Kiefer excita la curiosidad sensorial. Y lo hace también desde tu técnica pictórica, desde la elección de los materiales a la estratificación en capas y capas de distintos materiales de vida sobre un cuadro hecho en un tiempo indefinido: «Mis cuadros se podrían comparar con el Talmud, en los comentarios sobre los comentarios, en la sedimentación sobre la sedimentación. Si hiciéramos un agujero en el lienzo, veríamos toda la historia del cuadro en la verticalidad», dice Kiefer, quien nos interpela a través de la materia, del color y del estado de sus cuadros. A partir de los años 90 sus obras, engullidas por la materia, son mucho más que una imagen. Son, más bien, un viaje por unas superficies muy espesas, rugosas, ásperas que invitan a nuestros sentidos desconcertados a familiarizarse y tocar lo desconocido, a palpar, a arañar, casi a oler.
Los cuadros de Anselm Kiefer no son fáciles de abordar, el espectador ha de dominar la distancia que imponen, alejarse y encontrarse con esas dimensiones distintas. Las obras de Kiefer adquieren desde 1980 un tamaño titánico quizás porque la historia es una construcción que no se digiere tan fácilmente. Toda obra de Kiefer produce un golpe. Y ese golpe inicial está relacionado con el mundo de las sensaciones no solo el de las dimensiones.
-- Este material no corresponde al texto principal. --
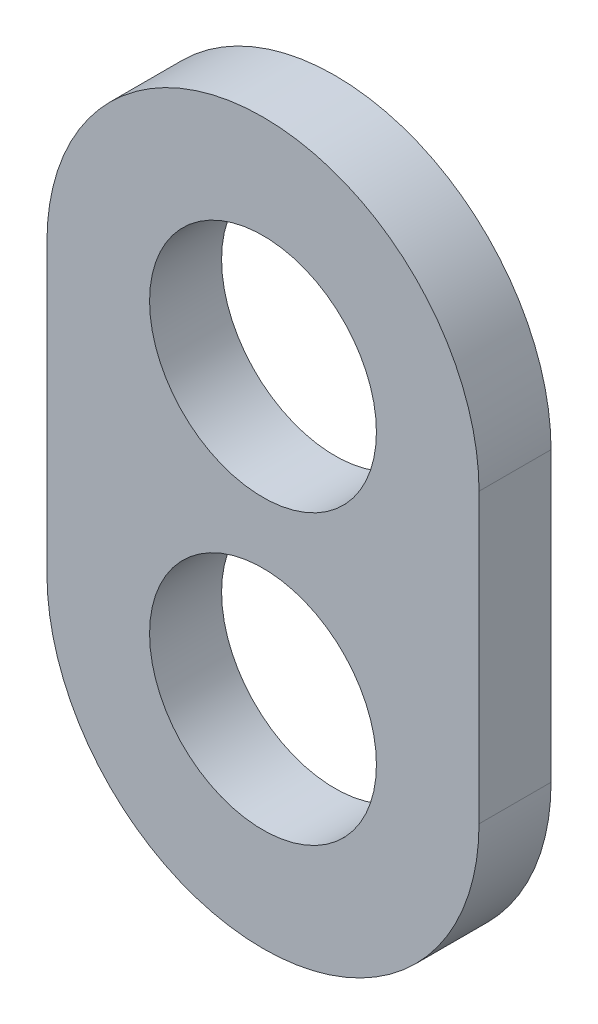
ISO-10303-21;
HEADER;
FILE_DESCRIPTION(('STEP AP214'),'2;1');
FILE_NAME('part.step','',(''),(''),'','','');
FILE_SCHEMA(('AUTOMOTIVE_DESIGN { 1 0 10303 214 1 1 1 1 }'));
ENDSEC;
DATA;
#1=APPLICATION_CONTEXT('core data for automotive mechanical design processes');
#2=APPLICATION_PROTOCOL_DEFINITION('international standard','automotive_design',2000,#1);
#3=PRODUCT_CONTEXT('',#1,'mechanical');
#4=PRODUCT('Part','Part','',(#3));
#5=PRODUCT_RELATED_PRODUCT_CATEGORY('part','',(#4));
#6=PRODUCT_DEFINITION_FORMATION('','',#4);
#7=PRODUCT_DEFINITION_CONTEXT('part definition',#1,'design');
#8=PRODUCT_DEFINITION('design','',#6,#7);
#9=PRODUCT_DEFINITION_SHAPE('','',#8);
#10=(LENGTH_UNIT() NAMED_UNIT(*) SI_UNIT(.MILLI.,.METRE.));
#11=(NAMED_UNIT(*) PLANE_ANGLE_UNIT() SI_UNIT($,.RADIAN.));
#12=(NAMED_UNIT(*) SI_UNIT($,.STERADIAN.) SOLID_ANGLE_UNIT());
#13=UNCERTAINTY_MEASURE_WITH_UNIT(LENGTH_MEASURE(1.E-05),#10,'distance_accuracy_value','');
#14=(GEOMETRIC_REPRESENTATION_CONTEXT(3) GLOBAL_UNCERTAINTY_ASSIGNED_CONTEXT((#13)) GLOBAL_UNIT_ASSIGNED_CONTEXT((#10,
#11,#12)) REPRESENTATION_CONTEXT('',''));
#15=CARTESIAN_POINT('',(0.,0.,0.));
#16=DIRECTION('',(0.,0.,1.));
#17=DIRECTION('',(1.,0.,0.));
#18=AXIS2_PLACEMENT_3D('',#15,#16,#17);
#19=CARTESIAN_POINT('',(0.,4.,2.));
#20=DIRECTION('',(0.,0.,1.));
#21=DIRECTION('',(1.,0.,0.));
#22=AXIS2_PLACEMENT_3D('',#19,#20,#21);
#23=PLANE('',#22);
#24=CARTESIAN_POINT('',(0.,4.,2.));
#25=DIRECTION('',(0.,0.,1.));
#26=DIRECTION('',(1.,0.,0.));
#27=AXIS2_PLACEMENT_3D('',#24,#25,#26);
#28=CIRCLE('',#27,3.15);
#29=CARTESIAN_POINT('',(3.15,4.,2.));
#30=VERTEX_POINT('',#29);
#31=EDGE_CURVE('E102',#30,#30,#28,.T.);
#32=ORIENTED_EDGE('',*,*,#31,.F.);
#33=EDGE_LOOP('',(#32));
#34=FACE_BOUND('',#33,.T.);
#35=CARTESIAN_POINT('',(0.,4.,2.));
#36=DIRECTION('',(0.,0.,1.));
#37=DIRECTION('',(1.,0.,0.));
#38=AXIS2_PLACEMENT_3D('',#35,#36,#37);
#39=CIRCLE('',#38,6.);
#40=CARTESIAN_POINT('',(6.,4.,2.));
#41=VERTEX_POINT('',#40);
#42=CARTESIAN_POINT('',(-6.,4.,2.));
#43=VERTEX_POINT('',#42);
#44=EDGE_CURVE('E87',#41,#43,#39,.T.);
#45=ORIENTED_EDGE('',*,*,#44,.T.);
#46=DIRECTION('',(0.,-1.,0.));
#47=VECTOR('',#46,1.);
#48=CARTESIAN_POINT('',(-6.,4.,2.));
#49=LINE('',#48,#47);
#50=CARTESIAN_POINT('',(-6.,-4.,2.));
#51=VERTEX_POINT('',#50);
#52=EDGE_CURVE('E82',#43,#51,#49,.T.);
#53=ORIENTED_EDGE('',*,*,#52,.T.);
#54=CARTESIAN_POINT('',(0.,-4.,2.));
#55=DIRECTION('',(0.,0.,1.));
#56=DIRECTION('',(1.,0.,0.));
#57=AXIS2_PLACEMENT_3D('',#54,#55,#56);
#58=CIRCLE('',#57,6.);
#59=CARTESIAN_POINT('',(6.,-4.,2.));
#60=VERTEX_POINT('',#59);
#61=EDGE_CURVE('E85',#51,#60,#58,.T.);
#62=ORIENTED_EDGE('',*,*,#61,.T.);
#63=DIRECTION('',(0.,1.,0.));
#64=VECTOR('',#63,1.);
#65=CARTESIAN_POINT('',(6.,4.,2.));
#66=LINE('',#65,#64);
#67=EDGE_CURVE('E52',#60,#41,#66,.T.);
#68=ORIENTED_EDGE('',*,*,#67,.T.);
#69=EDGE_LOOP('',(#45,#53,#62,#68));
#70=FACE_BOUND('',#69,.T.);
#71=CARTESIAN_POINT('',(0.,-4.,2.));
#72=DIRECTION('',(0.,0.,1.));
#73=DIRECTION('',(-1.,0.,0.));
#74=AXIS2_PLACEMENT_3D('',#71,#72,#73);
#75=CIRCLE('',#74,3.15);
#76=CARTESIAN_POINT('',(-3.15,-4.,2.));
#77=VERTEX_POINT('',#76);
#78=EDGE_CURVE('E117',#77,#77,#75,.T.);
#79=ORIENTED_EDGE('',*,*,#78,.F.);
#80=EDGE_LOOP('',(#79));
#81=FACE_BOUND('',#80,.T.);
#82=ADVANCED_FACE('F35',(#34,#70,#81),#23,.T.);
#83=CARTESIAN_POINT('',(0.,4.,0.));
#84=DIRECTION('',(0.,0.,1.));
#85=DIRECTION('',(1.,0.,0.));
#86=AXIS2_PLACEMENT_3D('',#83,#84,#85);
#87=PLANE('',#86);
#88=CARTESIAN_POINT('',(0.,4.,0.));
#89=DIRECTION('',(0.,0.,1.));
#90=DIRECTION('',(1.,0.,0.));
#91=AXIS2_PLACEMENT_3D('',#88,#89,#90);
#92=CIRCLE('',#91,6.);
#93=CARTESIAN_POINT('',(6.,4.,0.));
#94=VERTEX_POINT('',#93);
#95=CARTESIAN_POINT('',(-6.,4.,0.));
#96=VERTEX_POINT('',#95);
#97=EDGE_CURVE('E99',#94,#96,#92,.T.);
#98=ORIENTED_EDGE('',*,*,#97,.F.);
#99=DIRECTION('',(0.,1.,0.));
#100=VECTOR('',#99,1.);
#101=CARTESIAN_POINT('',(6.,4.,0.));
#102=LINE('',#101,#100);
#103=CARTESIAN_POINT('',(6.,-4.,0.));
#104=VERTEX_POINT('',#103);
#105=EDGE_CURVE('E75',#104,#94,#102,.T.);
#106=ORIENTED_EDGE('',*,*,#105,.F.);
#107=CARTESIAN_POINT('',(0.,-4.,0.));
#108=DIRECTION('',(0.,0.,1.));
#109=DIRECTION('',(1.,0.,0.));
#110=AXIS2_PLACEMENT_3D('',#107,#108,#109);
#111=CIRCLE('',#110,6.);
#112=CARTESIAN_POINT('',(-6.,-4.,0.));
#113=VERTEX_POINT('',#112);
#114=EDGE_CURVE('E69',#113,#104,#111,.T.);
#115=ORIENTED_EDGE('',*,*,#114,.F.);
#116=DIRECTION('',(0.,-1.,0.));
#117=VECTOR('',#116,1.);
#118=CARTESIAN_POINT('',(-6.,4.,0.));
#119=LINE('',#118,#117);
#120=EDGE_CURVE('E91',#96,#113,#119,.T.);
#121=ORIENTED_EDGE('',*,*,#120,.F.);
#122=EDGE_LOOP('',(#98,#106,#115,#121));
#123=FACE_BOUND('',#122,.T.);
#124=CARTESIAN_POINT('',(0.,4.,0.));
#125=DIRECTION('',(0.,0.,1.));
#126=DIRECTION('',(1.,0.,0.));
#127=AXIS2_PLACEMENT_3D('',#124,#125,#126);
#128=CIRCLE('',#127,3.15);
#129=CARTESIAN_POINT('',(3.15,4.,0.));
#130=VERTEX_POINT('',#129);
#131=EDGE_CURVE('E114',#130,#130,#128,.T.);
#132=ORIENTED_EDGE('',*,*,#131,.T.);
#133=EDGE_LOOP('',(#132));
#134=FACE_BOUND('',#133,.T.);
#135=CARTESIAN_POINT('',(0.,-4.,0.));
#136=DIRECTION('',(0.,0.,1.));
#137=DIRECTION('',(-1.,0.,0.));
#138=AXIS2_PLACEMENT_3D('',#135,#136,#137);
#139=CIRCLE('',#138,3.15);
#140=CARTESIAN_POINT('',(-3.15,-4.,0.));
#141=VERTEX_POINT('',#140);
#142=EDGE_CURVE('E120',#141,#141,#139,.T.);
#143=ORIENTED_EDGE('',*,*,#142,.T.);
#144=EDGE_LOOP('',(#143));
#145=FACE_BOUND('',#144,.T.);
#146=ADVANCED_FACE('F110',(#123,#134,#145),#87,.F.);
#147=CARTESIAN_POINT('',(0.,4.,2.));
#148=DIRECTION('',(0.,0.,-1.));
#149=DIRECTION('',(-1.,0.,0.));
#150=AXIS2_PLACEMENT_3D('',#147,#148,#149);
#151=CYLINDRICAL_SURFACE('',#150,6.);
#152=ORIENTED_EDGE('',*,*,#97,.T.);
#153=DIRECTION('',(0.,0.,-1.));
#154=VECTOR('',#153,1.);
#155=CARTESIAN_POINT('',(-6.,4.,2.));
#156=LINE('',#155,#154);
#157=EDGE_CURVE('E11',#43,#96,#156,.T.);
#158=ORIENTED_EDGE('',*,*,#157,.F.);
#159=ORIENTED_EDGE('',*,*,#44,.F.);
#160=DIRECTION('',(0.,0.,-1.));
#161=VECTOR('',#160,1.);
#162=CARTESIAN_POINT('',(6.,4.,2.));
#163=LINE('',#162,#161);
#164=EDGE_CURVE('E95',#41,#94,#163,.T.);
#165=ORIENTED_EDGE('',*,*,#164,.T.);
#166=EDGE_LOOP('',(#152,#158,#159,#165));
#167=FACE_BOUND('',#166,.T.);
#168=ADVANCED_FACE('F37',(#167),#151,.T.);
#169=CARTESIAN_POINT('',(-6.,4.,2.));
#170=DIRECTION('',(1.,0.,0.));
#171=DIRECTION('',(0.,0.,-1.));
#172=AXIS2_PLACEMENT_3D('',#169,#170,#171);
#173=PLANE('',#172);
#174=ORIENTED_EDGE('',*,*,#120,.T.);
#175=DIRECTION('',(0.,0.,-1.));
#176=VECTOR('',#175,1.);
#177=CARTESIAN_POINT('',(-6.,-4.,2.));
#178=LINE('',#177,#176);
#179=EDGE_CURVE('E44',#51,#113,#178,.T.);
#180=ORIENTED_EDGE('',*,*,#179,.F.);
#181=ORIENTED_EDGE('',*,*,#52,.F.);
#182=ORIENTED_EDGE('',*,*,#157,.T.);
#183=EDGE_LOOP('',(#174,#180,#181,#182));
#184=FACE_BOUND('',#183,.T.);
#185=ADVANCED_FACE('F90',(#184),#173,.F.);
#186=CARTESIAN_POINT('',(0.,-4.,2.));
#187=DIRECTION('',(0.,0.,-1.));
#188=DIRECTION('',(-1.,0.,0.));
#189=AXIS2_PLACEMENT_3D('',#186,#187,#188);
#190=CYLINDRICAL_SURFACE('',#189,6.);
#191=ORIENTED_EDGE('',*,*,#114,.T.);
#192=DIRECTION('',(0.,0.,-1.));
#193=VECTOR('',#192,1.);
#194=CARTESIAN_POINT('',(6.,-4.,2.));
#195=LINE('',#194,#193);
#196=EDGE_CURVE('E92',#60,#104,#195,.T.);
#197=ORIENTED_EDGE('',*,*,#196,.F.);
#198=ORIENTED_EDGE('',*,*,#61,.F.);
#199=ORIENTED_EDGE('',*,*,#179,.T.);
#200=EDGE_LOOP('',(#191,#197,#198,#199));
#201=FACE_BOUND('',#200,.T.);
#202=ADVANCED_FACE('F93',(#201),#190,.T.);
#203=CARTESIAN_POINT('',(6.,4.,2.));
#204=DIRECTION('',(-1.,0.,0.));
#205=DIRECTION('',(0.,0.,1.));
#206=AXIS2_PLACEMENT_3D('',#203,#204,#205);
#207=PLANE('',#206);
#208=ORIENTED_EDGE('',*,*,#105,.T.);
#209=ORIENTED_EDGE('',*,*,#164,.F.);
#210=ORIENTED_EDGE('',*,*,#67,.F.);
#211=ORIENTED_EDGE('',*,*,#196,.T.);
#212=EDGE_LOOP('',(#208,#209,#210,#211));
#213=FACE_BOUND('',#212,.T.);
#214=ADVANCED_FACE('F107',(#213),#207,.F.);
#215=CARTESIAN_POINT('',(0.,4.,2.));
#216=DIRECTION('',(0.,0.,-1.));
#217=DIRECTION('',(-1.,0.,0.));
#218=AXIS2_PLACEMENT_3D('',#215,#216,#217);
#219=CYLINDRICAL_SURFACE('',#218,3.15);
#220=ORIENTED_EDGE('',*,*,#31,.T.);
#221=EDGE_LOOP('',(#220));
#222=FACE_BOUND('',#221,.T.);
#223=ORIENTED_EDGE('',*,*,#131,.F.);
#224=EDGE_LOOP('',(#223));
#225=FACE_BOUND('',#224,.T.);
#226=ADVANCED_FACE('F137',(#222,#225),#219,.F.);
#227=CARTESIAN_POINT('',(0.,-4.,2.));
#228=DIRECTION('',(0.,0.,-1.));
#229=DIRECTION('',(-1.,0.,0.));
#230=AXIS2_PLACEMENT_3D('',#227,#228,#229);
#231=CYLINDRICAL_SURFACE('',#230,3.15);
#232=ORIENTED_EDGE('',*,*,#78,.T.);
#233=EDGE_LOOP('',(#232));
#234=FACE_BOUND('',#233,.T.);
#235=ORIENTED_EDGE('',*,*,#142,.F.);
#236=EDGE_LOOP('',(#235));
#237=FACE_BOUND('',#236,.T.);
#238=ADVANCED_FACE('F126',(#234,#237),#231,.F.);
#239=CLOSED_SHELL('',(#82,#146,#168,#185,#202,#214,#226,#238));
#240=MANIFOLD_SOLID_BREP('B2',#239);
#241=ADVANCED_BREP_SHAPE_REPRESENTATION('',(#18,#240),#14);
#242=SHAPE_DEFINITION_REPRESENTATION(#9,#241);
ENDSEC;
END-ISO-10303-21;

En una división arbitraria de la filosofía estética, Kiefer pertenecería al mundo de lo sublime más que al mundo de lo bello. La obra del pintor alemán asalta al espectador, le obliga a posicionarse, le contagia de inquietud, de perplejidad, también de curiosidad. En este sentido Kiefer impone las mismas barreras que levantaría un romántico alemán. Sentimos la inmensidad, lo inabarcable que producen los Nibelungos de Wagner, la tragedia. También nos lleva hasta la soledad, la duda, y la misma pregunta que lanza el personaje de espaldas de Caspar David Friedrich, ese hombre vestido con casaca negra y apoyado en el bastón frente a las montañas: El caminante sobre el mar de nubes, (1818).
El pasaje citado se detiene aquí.